In the end I decided to re-architecture the framework so to make it strongly typed. In essence now each agent can just receive messages of a single type. The limitations that this design choice introduces (i.e. more limited hot swapping) are compensated by the catching of errors at compile time and the streamlining of the code. I left the old framework on the site in case you disagree with me.

In any case, today’s post is about MapReduce. It assumes that you know what it is (link to the original Google paper that served as inspiration is here: Google Research Publication- MapReduce). What would it take to implement an in-memory MapReduce using my agent framework?

Let’s start with the user model.

let mapReduce   (inputs:seq<'in_key * 'in_value>)
                (map:'in_key -> 'in_value -> seq<'out_key * 'out_value>)
                (reduce:'out_key -> seq<'out_value> -> seq<'reducedValues>)
                outputAgent
                M R partitionF =

mapReduce takes seven parameters:

inputs: a sequence of input key/value pairs.
map: this function operates on each input key/value pair. It returns a sequence of output key/value pairs. The type of the output sequence can be different from the type of the inputs.
reduce: this function operates on an output key and all the values associated with it. It returns a sequence of reduced values (i.e. the average of all the values for this key)
ouputAgent: this is the agent that gets notified every time a new output key has been reduced and at the end when all the operation ends.
M: how many mapper agents to instantiate
R: how many reducer agents to instantiate
partitionF: the partition function used to choose which of the reducers is associated with a key

Let’s look at how to use this function to ﬁnd how often each word is used in a set of ﬁles. First a simple partition function can be deﬁned as:

let partitionF = fun key M -> abs(key.GetHashCode()) % M

Given a key and some buckets, it picks one of the buckets. Its type is: ’a –> int –> int, so it’s fairly reusable.

Let’s also create a basic agent that just prints out the reduced values:

let printer = spawnWorker (fun msg ->
                            match msg with
                            | Reduced(key, value)   -> printfn "%A %A" key value
                            | MapReduceDone         -> printfn "All done!!")
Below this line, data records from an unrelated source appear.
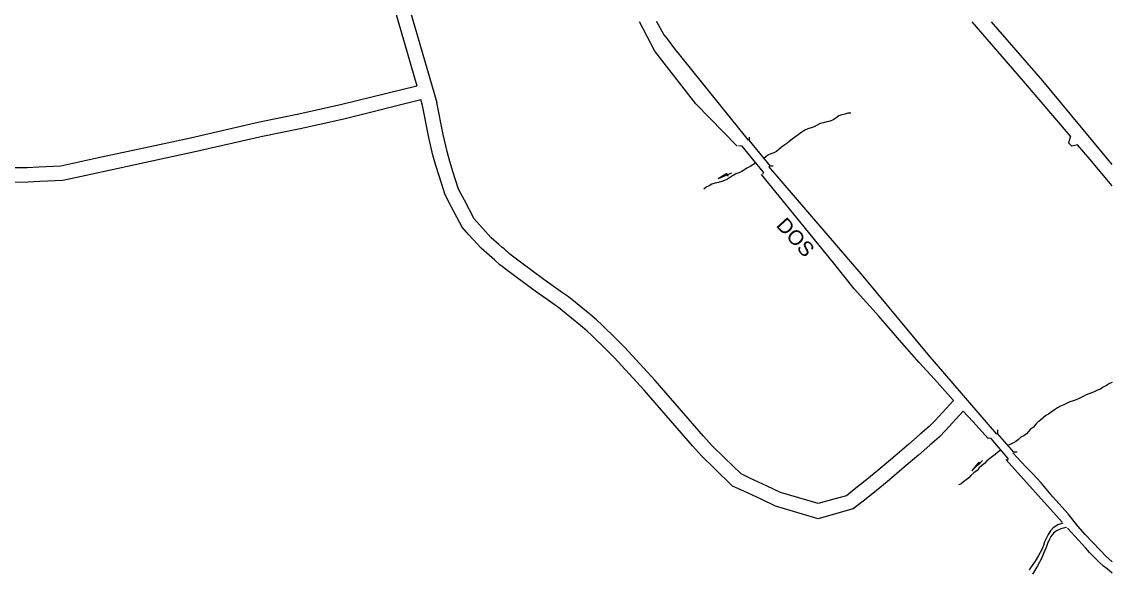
# Model space of a CAD drawing. Header units: millimetres. Extents: x 583 to 26013, y 350 to 21391.
# Drawn here: x 9841 to 10591, y 15504 to 15884 of the extents above; entities that cross this region are included whole.
import ezdxf

# ---------------------------------------------------------------- set-up
doc = ezdxf.new("R2010")
doc.units = ezdxf.units.MM
for name, color, linetype in [('105-QUADRAS_ESTRADAS', 80, 'Continuous'), ('110-CERCA_DE_ARAME', 10, 'Continuous'), ('115-PONTES_E_VIADUTO', 210, 'Continuous'), ('145-', 130, 'Continuous')]:
    doc.layers.add(name, color=color, linetype=linetype)
doc.styles.add('EU', font='arial.ttf', dxfattribs={"height": 10})

msp = doc.modelspace()

# ---------------------------------------------------------------- linework, layer by layer
at = {"color": 0, "linetype": 'Continuous'}
msp.add_line((10116.83014, 15826.48445), (10115.65954, 15830.51405), dxfattribs=at)
for points in [[(10185.31551, 16262.50241), (10165.3229, 16254.69537), (10122.70523, 16232.34548), (10083.75215, 16211.46002), (10066.9688, 16202.68523), (10061.57751, 16199.7632), (10054.09716, 16194.73626), (10036.66906, 16183.02423), (10034.8211, 16168.08348), (10034.03307, 16161.71229), (10037.36253, 16147.31631), (10041.46224, 16129.80441), (10045.6286, 16112.88147), (10052.96127, 16082.24817), (10060.62516, 16048.19592), (10068.3299, 16013.90463), (10088.73117, 15923.21092), (10112.91077, 15839.97628)], [(10183.6581, 16251.90925), (10169.68244, 16245.68994), (10127.39018, 16223.51069), (10088.43156, 16202.62226), (10071.6682, 16193.85793), (10066.76058, 16191.19805), (10059.67489, 16186.43632), (10046.03342, 16177.26898), (10044.74547, 16166.85597), (10044.1747, 16162.24125), (10047.10233, 16149.5827), (10051.18595, 16132.13951), (10055.34636, 16115.24075), (10062.70233, 16084.51009), (10070.38113, 16050.39162), (10078.08666, 16016.09683), (10098.48294, 15925.42527), (10126.64286, 15828.41075)], [(9835.65068, 15783.81986), (9844.89985, 15783.91919), (9852.93237, 15784.31497), (9868.05774, 15785.06021), (9886.49646, 15789.03452), (9899.15879, 15791.76377), (9929.49134, 15798.35608), (9957.11539, 15804.34199), (10004.66524, 15815.19691), (10031.68579, 15820.71022), (10061.34313, 15827.32685), (10112.91077, 15839.97628)], [(9835.58622, 15773.81859), (9845.19971, 15773.92184), (9853.42449, 15774.32708), (9869.36599, 15775.11254), (9888.60349, 15779.25901), (9901.27419, 15781.99007), (9931.61511, 15788.5842), (9959.28714, 15794.58051), (10006.77793, 15805.42195), (10033.77432, 15810.93033), (10063.6233, 15817.58972), (10115.65954, 15830.51405)], [(10488.65806, 15616.31561), (10476.51335, 15602.93602), (10472.01428, 15598.4506), (10465.69189, 15592.91733), (10457.8775, 15586.07828), (10448.05455, 15577.67272), (10436.29618, 15567.7233), (10428.68789, 15561.54279), (10419.86503, 15554.51443), (10413.03854, 15549.07639), (10402.34259, 15546.099), (10388.79951, 15542.32906), (10378.17002, 15545.50722), (10359.52814, 15551.08106), (10349.58473, 15555.69153), (10337.7024, 15561.20102), (10330.06022, 15564.74448), (10317.46131, 15577.00693), (10308.70953, 15585.52499), (10302.47167, 15592.41792), (10269.27112, 15630.63227), (10248.48095, 15653.24167), (10242.82247, 15658.82842), (10233.27911, 15668.2508), (10229.82605, 15671.60507), (10225.49862, 15675.14951), (10213.14127, 15685.27098), (10211.22189, 15686.76851), (10207.29079, 15689.55058), (10202.40485, 15693.0084), (10194.34087, 15698.71534), (10186.23141, 15704.68164), (10180.98267, 15708.61243), (10175.33859, 15712.83927), (10171.53457, 15715.6881), (10170.02458, 15717.01017), (10166.23058, 15720.33201), (10164.73948, 15721.63755), (10162.76047, 15723.37028), (10157.06223, 15728.35939), (10148.71124, 15737.56993), (10144.03566, 15742.72676), (10136.72038, 15756.64075), (10132.31395, 15765.02197), (10128.14726, 15778.07187), (10125.87328, 15785.19386), (10123.93446, 15792.36115), (10121.13527, 15804.55373), (10116.83014, 15826.48445)], [(10481.89172, 15623.73977), (10469.27644, 15609.84177), (10465.184, 15605.76175), (10459.10604, 15600.4424), (10451.33357, 15593.64003), (10441.57397, 15585.28869), (10429.91324, 15575.42188), (10422.41978, 15569.33465), (10413.63427, 15562.33604), (10408.39809, 15558.16485), (10399.66089, 15555.73271), (10388.8986, 15552.73685), (10381.03467, 15555.08813), (10363.08202, 15560.45589), (10353.79125, 15564.76375), (10341.90892, 15570.27324), (10335.81332, 15573.0996), (10324.43604, 15584.17304), (10315.91143, 15592.46999), (10309.9542, 15599.05282), (10276.72757, 15637.2972), (10255.67855, 15660.18809), (10249.84829, 15665.94445), (10240.27599, 15675.3954), (10236.49007, 15679.07301), (10231.83509, 15682.88573), (10219.38607, 15693.08229), (10217.18922, 15694.79631), (10213.06756, 15697.71323), (10208.18162, 15701.17105), (10200.19282, 15706.82479), (10192.19177, 15712.71133), (10186.97702, 15716.61665), (10181.33295, 15720.8435), (10177.83462, 15723.46339), (10176.61198, 15724.53388), (10172.81798, 15727.85572), (10171.32688, 15729.16126), (10169.34787, 15730.89399), (10164.08333, 15735.50337), (10156.11953, 15744.28686), (10152.29635, 15748.50356), (10145.57162, 15761.29429), (10141.57337, 15768.89915), (10137.67346, 15781.11348), (10135.46774, 15788.02171), (10133.63781, 15794.78647), (10130.91733, 15806.6362), (10126.64286, 15828.41075)]]:
    msp.add_lwpolyline(points, dxfattribs=at)
at = {"layer": '105-QUADRAS_ESTRADAS', "color": 0, "linetype": 'Continuous'}
for p, q in [((10277.61551, 15883.90241), (10277.51551, 15883.90241)), ((10282.71551, 15875.30241), (10278.01551, 15883.90241)), ((10543.41551, 15843.50241), (10508.01551, 15883.90241)), ((10285.21551, 15872.20241), (10282.71551, 15875.30241)), ((10289.71551, 15866.40241), (10285.21551, 15872.20241)), ((10341.01551, 15802.60241), (10289.71551, 15866.40241)), ((10591.11551, 15786.00241), (10543.41551, 15843.50241)), ((10591.11551, 15771.30241), (10575.81551, 15789.50241)), ((10419.81551, 15709.20241), (10355.01551, 15784.50241)), ((10399.31551, 15718.20241), (10350.01551, 15779.00241)), ((10413.61551, 15700.30241), (10399.31551, 15718.20241)), ((10464.61551, 15655.30241), (10419.81551, 15709.20241)), ((10430.51551, 15681.50241), (10413.61551, 15700.30241)), ((10444.71551, 15665.10241), (10430.51551, 15681.50241)), ((10458.41551, 15649.80241), (10444.71551, 15665.10241)), ((10511.81551, 15600.40241), (10464.61551, 15655.30241)), ((10468.91551, 15638.20241), (10458.41551, 15649.80241)), ((10479.91551, 15625.90241), (10468.91551, 15638.20241)), ((10481.89172, 15623.73977), (10479.91551, 15625.90241)), ((10495.21551, 15609.10241), (10488.65806, 15616.31561)), ((10505.71551, 15597.60241), (10495.21551, 15609.10241)), ((10531.71551, 15578.00241), (10522.71551, 15587.70241)), ((10556.61551, 15539.90241), (10518.01551, 15583.10241)), ((10536.41551, 15573.40241), (10531.71551, 15578.00241)), ((10542.21551, 15567.00241), (10536.41551, 15573.40241)), ((10550.31551, 15557.30241), (10542.21551, 15567.00241)), ((10560.81551, 15545.60241), (10550.31551, 15557.30241)), ((10567.51551, 15537.30241), (10560.81551, 15545.60241)), ((10548.71551, 15533.90241), (10547.11551, 15531.60241)), ((10550.51551, 15536.10241), (10548.71551, 15533.90241)), ((10550.71551, 15532.30241), (10548.91551, 15530.00241)), ((10553.71551, 15538.10241), (10550.51551, 15536.10241)), ((10552.81551, 15533.90241), (10550.71551, 15532.30241)), ((10555.81551, 15535.40241), (10552.81551, 15533.90241)), ((10557.21551, 15539.20241), (10553.71551, 15538.10241)), ((10558.51551, 15536.10241), (10555.81551, 15535.40241)), ((10559.71551, 15536.20241), (10558.51551, 15536.10241)), ((10572.91551, 15522.10241), (10560.41551, 15535.80241)), ((10572.61551, 15531.40241), (10567.51551, 15537.30241)), ((10544.61551, 15526.40241), (10543.91551, 15524.00241)), ((10545.81551, 15528.80241), (10544.61551, 15526.40241)), ((10546.71551, 15525.20241), (10545.71551, 15522.60241)), ((10547.11551, 15531.60241), (10545.81551, 15528.80241)), ((10548.01551, 15528.20241), (10546.71551, 15525.20241)), ((10548.91551, 15530.00241), (10548.01551, 15528.20241)), ((10577.31551, 15526.40241), (10572.61551, 15531.40241)), ((10583.01551, 15520.40241), (10577.31551, 15526.40241)), ((10540.41551, 15517.00241), (10538.21551, 15513.20241)), ((10542.51551, 15520.80241), (10540.41551, 15517.00241)), ((10543.91551, 15524.00241), (10542.51551, 15520.80241)), ((10543.91551, 15518.40241), (10542.51551, 15515.00241)), ((10545.71551, 15522.60241), (10543.91551, 15518.40241)), ((10575.61551, 15519.20241), (10572.91551, 15522.10241)), ((10578.81551, 15515.90241), (10575.61551, 15519.20241)), ((10586.81551, 15516.70241), (10583.01551, 15520.40241)), ((10538.21551, 15513.20241), (10535.31551, 15509.20241)), ((10539.71551, 15510.00241), (10536.41551, 15504.20241)), ((10542.51551, 15515.00241), (10539.71551, 15510.00241)), ((10581.91551, 15512.60241), (10578.81551, 15515.90241)), ((10585.11551, 15509.70241), (10581.91551, 15512.60241)), ((10587.61551, 15507.80241), (10585.11551, 15509.70241)), ((10591.11551, 15512.70241), (10586.81551, 15516.70241)), ((10591.11551, 15512.40241), (10591.11551, 15512.50241)), ((10535.31551, 15509.20241), (10533.91551, 15507.20241)), ((10591.11551, 15505.00241), (10587.61551, 15507.80241)), ((10591.11551, 15505.10241), (10591.11551, 15505.20241))]:
    msp.add_line(p, q, dxfattribs=at)
at = {"layer": '110-CERCA_DE_ARAME', "color": 0, "linetype": 'Continuous'}
for p, q in [((10276.51551, 15863.90241), (10265.91551, 15883.90241)), ((10530.21551, 15843.20241), (10494.81551, 15883.90241)), ((10304.81551, 15827.60241), (10276.51551, 15863.90241)), ((10562.41551, 15805.40241), (10530.21551, 15843.20241)), ((10333.21551, 15798.50241), (10304.81551, 15827.60241)), ((10562.41551, 15805.40241), (10561.11551, 15800.70241)), ((10563.41551, 15798.40241), (10561.11551, 15800.70241)), ((10567.31551, 15799.40241), (10563.41551, 15798.40241)), ((10575.91551, 15789.40241), (10567.31551, 15799.40241))]:
    msp.add_line(p, q, dxfattribs=at)
at = {"layer": '115-PONTES_E_VIADUTO', "color": 0, "linetype": 'Continuous'}
for p, q in [((10341.41551, 15804.70241), (10341.31551, 15802.70241)), ((10356.11551, 15784.70241), (10341.31551, 15802.70241)), ((10336.71551, 15798.40241), (10334.01551, 15798.80241)), ((10351.01551, 15780.90241), (10336.71551, 15798.40241)), ((10351.01551, 15780.90241), (10350.71551, 15779.20241)), ((10358.01551, 15784.70241), (10356.11551, 15784.70241)), ((10512.31551, 15603.50241), (10512.11551, 15600.90241)), ((10523.51551, 15588.10241), (10512.11551, 15600.90241)), ((10507.91551, 15597.40241), (10505.81551, 15597.70241)), ((10519.31551, 15584.00241), (10507.91551, 15597.40241)), ((10525.71551, 15588.00241), (10523.51551, 15588.10241)), ((10519.31551, 15584.00241), (10519.21551, 15582.30241))]:
    msp.add_line(p, q, dxfattribs=at)
at = {"layer": '145-', "color": 0, "linetype": 'Continuous'}
for p, q in [((10401.01551, 15817.70241), (10399.21551, 15816.70241)), ((10403.11551, 15819.30241), (10401.01551, 15817.70241)), ((10405.21551, 15820.00241), (10403.11551, 15819.30241)), ((10407.11551, 15820.60241), (10405.21551, 15820.00241)), ((10409.21551, 15821.10241), (10407.11551, 15820.60241)), ((10411.31551, 15821.10241), (10409.21551, 15821.10241)), ((10379.71551, 15809.50241), (10377.71551, 15808.20241)), ((10381.81551, 15810.40241), (10379.71551, 15809.50241)), ((10384.01551, 15811.10241), (10381.81551, 15810.40241)), ((10386.21551, 15811.90241), (10384.01551, 15811.10241)), ((10388.21551, 15813.00241), (10386.21551, 15811.90241)), ((10390.31551, 15814.00241), (10388.21551, 15813.00241)), ((10392.61551, 15814.60241), (10390.31551, 15814.00241)), ((10394.91551, 15815.30241), (10392.61551, 15814.60241)), ((10397.21551, 15815.70241), (10394.91551, 15815.30241)), ((10399.21551, 15816.70241), (10397.21551, 15815.70241)), ((10370.91551, 15803.30241), (10368.91551, 15801.70241)), ((10372.71551, 15804.50241), (10370.91551, 15803.30241)), ((10374.31551, 15805.70241), (10372.71551, 15804.50241)), ((10376.11551, 15807.00241), (10374.31551, 15805.70241)), ((10377.71551, 15808.20241), (10376.11551, 15807.00241)), ((10360.21551, 15794.90241), (10358.31551, 15794.00241)), ((10361.91551, 15796.10241), (10360.21551, 15794.90241)), ((10363.61551, 15797.70241), (10361.91551, 15796.10241)), ((10365.31551, 15799.00241), (10363.61551, 15797.70241)), ((10367.31551, 15800.40241), (10365.31551, 15799.00241)), ((10368.91551, 15801.70241), (10367.31551, 15800.40241)), ((10352.61551, 15790.90241), (10351.71551, 15790.20241)), ((10354.31551, 15792.20241), (10352.61551, 15790.90241)), ((10356.21551, 15793.20241), (10354.31551, 15792.20241)), ((10358.31551, 15794.00241), (10356.21551, 15793.20241)), ((10329.21551, 15780.00241), (10320.11551, 15776.10241)), ((10326.01551, 15779.70241), (10320.11551, 15776.10241)), ((10326.91551, 15777.70241), (10326.01551, 15779.70241)), ((10334.31551, 15780.10241), (10332.31551, 15779.40241)), ((10336.31551, 15781.00241), (10334.31551, 15780.10241)), ((10338.11551, 15782.30241), (10336.31551, 15781.00241)), ((10339.91551, 15783.40241), (10338.11551, 15782.30241)), ((10342.01551, 15784.60241), (10339.91551, 15783.40241)), ((10343.91551, 15785.70241), (10342.01551, 15784.60241)), ((10345.71551, 15786.80241), (10343.91551, 15785.70241)), ((10315.81551, 15772.40241), (10313.81551, 15771.30241)), ((10318.11551, 15773.10241), (10315.81551, 15772.40241)), ((10320.41551, 15773.60241), (10318.11551, 15773.10241)), ((10322.51551, 15774.30241), (10320.41551, 15773.60241)), ((10324.51551, 15775.00241), (10322.51551, 15774.30241)), ((10326.61551, 15775.90241), (10324.51551, 15775.00241)), ((10328.51551, 15777.20241), (10326.61551, 15775.90241)), ((10330.41551, 15778.40241), (10328.51551, 15777.20241)), ((10332.31551, 15779.40241), (10330.41551, 15778.40241)), ((10311.91551, 15770.30241), (10310.21551, 15769.00241)), ((10313.81551, 15771.30241), (10311.91551, 15770.30241)), ((10579.21551, 15629.80241), (10577.21551, 15629.00241)), ((10581.01551, 15630.70241), (10579.21551, 15629.80241)), ((10583.01551, 15631.40241), (10581.01551, 15630.70241)), ((10584.91551, 15632.80241), (10583.01551, 15631.40241)), ((10587.21551, 15634.00241), (10584.91551, 15632.80241)), ((10589.21551, 15635.20241), (10587.21551, 15634.00241)), ((10591.11551, 15635.90241), (10589.21551, 15635.20241)), ((10591.11551, 15635.90241), (10591.11551, 15635.90241)), ((10562.01551, 15622.60241), (10560.11551, 15621.70241)), ((10564.21551, 15623.40241), (10562.01551, 15622.60241)), ((10566.41551, 15624.10241), (10564.21551, 15623.40241)), ((10568.41551, 15625.10241), (10566.41551, 15624.10241)), ((10570.61551, 15626.20241), (10568.41551, 15625.10241)), ((10573.11551, 15627.50241), (10570.61551, 15626.20241)), ((10575.01551, 15628.20241), (10573.11551, 15627.50241)), ((10577.21551, 15629.00241), (10575.01551, 15628.20241)), ((10549.21551, 15615.60241), (10547.31551, 15614.30241)), ((10551.51551, 15617.30241), (10549.21551, 15615.60241)), ((10553.41551, 15618.60241), (10551.51551, 15617.30241)), ((10555.61551, 15619.70241), (10553.41551, 15618.60241)), ((10557.91551, 15620.70241), (10555.61551, 15619.70241)), ((10560.11551, 15621.70241), (10557.91551, 15620.70241)), ((10538.51551, 15607.30241), (10536.91551, 15605.40241)), ((10539.91551, 15608.80241), (10538.51551, 15607.30241)), ((10541.81551, 15610.00241), (10539.91551, 15608.80241)), ((10543.71551, 15611.80241), (10541.81551, 15610.00241)), ((10545.51551, 15613.30241), (10543.71551, 15611.80241)), ((10547.31551, 15614.30241), (10545.51551, 15613.30241)), ((10532.11551, 15600.80241), (10530.31551, 15599.40241)), ((10533.51551, 15602.40241), (10532.11551, 15600.80241)), ((10535.01551, 15603.80241), (10533.51551, 15602.40241)), ((10536.91551, 15605.40241), (10535.01551, 15603.80241)), ((10521.41551, 15593.50241), (10519.71551, 15592.90241)), ((10523.21551, 15594.50241), (10521.41551, 15593.50241)), ((10524.91551, 15595.50241), (10523.21551, 15594.50241)), ((10526.71551, 15596.80241), (10524.91551, 15595.50241)), ((10528.31551, 15598.40241), (10526.71551, 15596.80241)), ((10530.31551, 15599.40241), (10528.31551, 15598.40241)), ((10508.81551, 15585.10241), (10506.91551, 15583.70241)), ((10510.51551, 15586.40241), (10508.81551, 15585.10241)), ((10512.21551, 15587.90241), (10510.51551, 15586.40241)), ((10514.11551, 15589.20241), (10512.21551, 15587.90241)), ((10501.81551, 15582.40241), (10494.51551, 15575.30241)), ((10499.31551, 15581.20241), (10494.51551, 15575.30241)), ((10499.71551, 15577.30241), (10498.31551, 15575.50241)), ((10500.41551, 15579.80241), (10499.31551, 15581.20241)), ((10501.21551, 15578.70241), (10499.71551, 15577.30241)), ((10503.21551, 15580.20241), (10501.21551, 15578.70241)), ((10504.91551, 15582.10241), (10503.21551, 15580.20241)), ((10506.91551, 15583.70241), (10504.91551, 15582.10241)), ((10492.51551, 15570.40241), (10490.71551, 15569.00241)), ((10493.91551, 15572.00241), (10492.51551, 15570.40241)), ((10496.01551, 15573.80241), (10493.91551, 15572.00241)), ((10498.31551, 15575.50241), (10496.01551, 15573.80241)), ((10487.11551, 15566.20241), (10485.51551, 15565.60241)), ((10488.81551, 15567.60241), (10487.11551, 15566.20241)), ((10490.71551, 15569.00241), (10488.81551, 15567.60241))]:
    msp.add_line(p, q, dxfattribs=at)

# ---------------------------------------------------------------- texts
at = {"color": 0, "linetype": 'Continuous', "lineweight": 20, "style": 'EU'}
msp.add_text('    DOS', height=10, rotation=312.25034531, dxfattribs=at).set_placement((10349.00967, 15755.242))

doc.saveas('drawing.dxf')

The agent gets notiﬁed whenever a new key is reduced or the algorithm ends. It is useful to be notiﬁed immediately instead of waiting for everything to be done. If I hadn’t written this code using agents I would have not realized that possibility. I would simply have framed the problem as a function that takes an input and returns an output. Agents force you to think explicitly about the parallelism in your app. That’s a good thing.

The mapping function simply split the content of a ﬁle into words and adds a word/1 pair to the list. I know that there are much better ways to do this (i.e. regular expressions for the parsing and summing words counts inside the function), but I wanted to test the basic framework capabilities and doing it this way does it better.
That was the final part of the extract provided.